Auf die Feststellung, dass es «krass» sei, jemanden mit Hundekot zu beschmieren, meint der Verwaltungsratspräsident: «Basel ist grundsätzlich sehr tolerant. Aber ja, die Tat war krass. Wir fanden aber, Marco Goecke hat eine zweite Chance verdient. Alex Frei hat 2004 im Länderspiel gegen England auf dem Platz Steven Gerrard angespuckt. Er musste sich danach wieder Respekt verschaffen. Und wir sind überzeugt, das Marco Goecke eine sehr publikumswirksame Tanzhandschrift hat.»

Im Interview wird nicht erwähnt, dass die Attacke einer Journalistin der «Frankfurter Allgemeinen Zeitung» (F.A.Z.) gegolten hat und nicht einfach ein einmaliger Ausraster eines «Ausnahmemenschen» gewesen war. Es stellt sich die Frage, ob Künstler mit anderen Massstäben beurteilt werden als zum Beispiel Politikerinnen.

Der Kommentar von Mélanie Honegger in der «Basler Zeitung» spricht denn auch eine direkte Sprache: «Ein verheerender Entscheid» sei gefallen. Und zwar gerade, weil Goecke eine Journalistin beschmiert hat. «Es ist aber ein deutliches Signal an Journalistinnen und Journalisten, das nicht ganz überraschend kommt.» 

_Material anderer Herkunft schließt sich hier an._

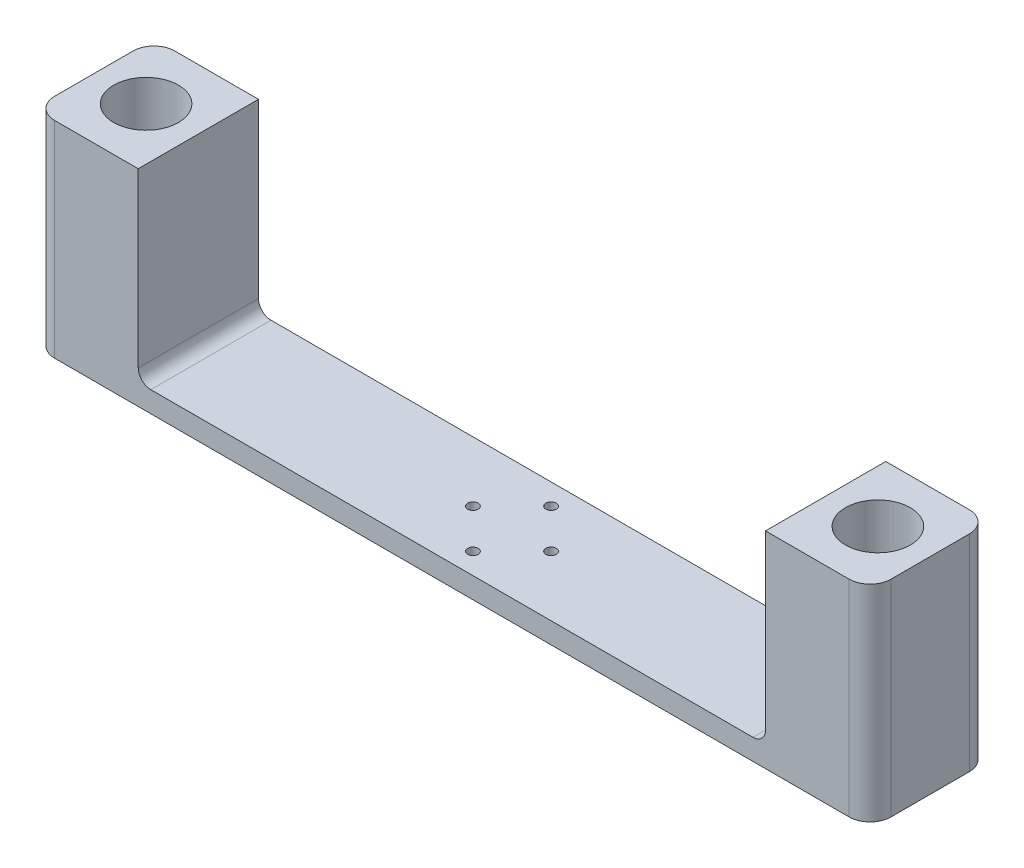
SolidWorks part; units mm, degrees
ref_plane "Front Plane" through (0, 0, 0) normal (0, 0, 1) x (1, 0, 0)
ref_plane "Top Plane" through (0, 0, 0) normal (0, 1, 0) x (1, 0, 0)
ref_plane "Right Plane" through (0, 0, 0) normal (1, 0, 0) x (0, 0, -1)
sketch "Sketch1" plane through (0, 0, 0) normal (0, 1, 0) x (1, 0, 0)
  line L0 (0, 0) -> (0, 4.9523) construction
  line L1 (0, 4.9523) -> (0, 0) construction
  line L2 (0, 0) -> (2.8355, 0) construction
  circle A0 centre (0, 0) radius 13.97
  circle A2 centre (0, 9.5) radius 1.275
  circle A3 centre (9.5, 0) radius 1.275
  circle A4 centre (0, -9.5) radius 1.275
  circle A5 centre (-9.5, 0) radius 1.275
  dimension "D2" = 27.94
  dimension "D3" = 2.55
extrude "Boss-Extrude1" add sketch "Sketch1" along normal blind 3.048
sketch "Sketch2" plane through (0, 3.048, 0) normal (0, 1, 0) x (1, 0, 0)
  line L1 (-96.52, -14.605) -> (96.52, -14.605)
  line L2 (-101.6, -9.525) -> (-101.6, 9.525)
  line L3 (-96.52, 14.605) -> (96.52, 14.605)
  line L4 (101.6, -9.525) -> (101.6, 9.525)
  line L5 (-101.6, -14.605) -> (101.6, 14.605) construction
  line L6 (-101.6, 14.605) -> (101.6, -14.605) construction
  circle A0 centre (-88.9, 0) radius 7.874
  circle A1 centre (88.9, 0) radius 7.874
  arc A3 (96.52, 14.605) -> (101.6, 9.525) centre (96.52, 9.525) cw
  arc A4 (96.52, -14.605) -> (101.6, -9.525) centre (96.52, -9.525) ccw
  arc A5 (-96.52, -14.605) -> (-101.6, -9.525) centre (-96.52, -9.525) cw
  arc A6 (-101.6, 9.525) -> (-96.52, 14.605) centre (-96.52, 9.525) cw
  circle A7 centre (9.5, 0) radius 1.275 construction
  circle A8 centre (0, 9.5) radius 1.275 construction
  circle A9 centre (-9.5, 0) radius 1.275 construction
  circle A10 centre (0, -9.5) radius 1.275 construction
  circle A11 centre (9.5, 0) radius 1.275
  circle A12 centre (0, 9.5) radius 1.275
  circle A13 centre (-9.5, 0) radius 1.275
  circle A14 centre (0, -9.5) radius 1.275
  point P0 (0, 0)
  dimension "D2" = 15.748
  dimension "D3" = 15.748
  dimension "D8" = 5.08
  dimension "D1" = 29.21
  dimension "D4" = 88.9
  dimension "D6" = 12.7
  dimension "D7" = 12.7
extrude "Boss-Extrude2" add sketch "Sketch2" along normal blind 46.99 and the other way through all
sketch "Sketch5" plane through (0, 0, -14.605) normal (0, 0, -1) x (-1, 0, 0)
  line L0 (-101.6, 0) -> (-101.6, 50.038)
  line L1 (-101.6, 50.038) -> (-76.2, 50.038)
  line L2 (-96.52, 50.038) -> (96.52, 50.038) construction
  line L3 (-76.2, 50.038) -> (-76.2, 5.08)
  line L4 (-76.2, 5.08) -> (76.2, 5.08)
  line L5 (0, 5.08) -> (0, 0)
  line L6 (101.6, 0) -> (-101.6, 0)
  line L7 (76.2, 50.038) -> (76.2, 5.08)
  line L8 (101.6, 50.038) -> (76.2, 50.038)
  line L9 (101.6, 0) -> (101.6, 50.038)
  line M8 (96.52, 50.038) -> (-96.52, 50.038)
  dimension "D1" = 25.4
  dimension "D2" = 5.08
extrude "Cut-Extrude2" cut sketch "Sketch5" against normal through all contours L7 L3 L4 M8 region at (0, 27.559, -14.605)
sketch "Sketch6" plane through (0, 0, 0) normal (0, -1, 0) x (1, 0, 0)
  circle A0 centre (-88.9, 0) radius 8.89
  circle A1 centre (-88.9, 0) radius 4.191
  circle A2 centre (88.9, 0) radius 8.89
  circle A3 centre (88.9, 0) radius 4.191
  dimension "D1" = 8.382
  dimension "D2" = 8.382
extrude "Boss-Extrude3" add sketch "Sketch6" against normal blind 4.572
fillet "Fillet2" radius 3.048 2 edges at (76.2, 5.08, 0) (-76.2, 5.08, 0)

Auch der Basler Theaterintendant Benedikt von Peter habe ein angespanntes Verhältnis zu den Medien. «Kritische Artikel kommen für ihn anscheinend einer Hetzjagd gleich, negative Stimmen sind offenbar nicht gerechtfertigt», so Honegger weiter.

Die «bz Zeitung für die Region Basel» titelt im Unterschied dazu fröhlich: «Ein Reuiger bringt Erneuerung» und übernimmt Marco Goeckes Entschuldigung für seine Attacke: «Aufgrund der von ihr verfassten ‚schlimmen, persönlichen Kritiken‘ beschmierte Goecke die Feuilleton-Autorin Wiebke Hüster mit Hundekot». 

Die Journalistin ist klassische F.A.Z.-Kulturkritikerin und hat unzählige positive Rezensionen zu Marco Goecke verfasst und auch ein paar kritische.

Auch «FAZ»-Net zeigt sich gegenüber Marco Goecke sehr versöhnlich; sie schreibt über die zweite Chance des grossen Künstlers, der sich aufrichtig bei der «Theaterkritikerin» und «allen anderen, die er damit verletzt habe», entschuldigt habe. Auch der Deutschlandfunk zeigt sich sehr erfreut über «die zweite Chance» für den grossen Künstler. 

Marco Goecke ersetzt übrigens die weibliche Ballettchefin des Basler Theaters. Adoplphe Binder erhielt, im Unterschied zu Marco Goecke, keinen vierjährigen, sondern nur einen zweijährigen Vertrag.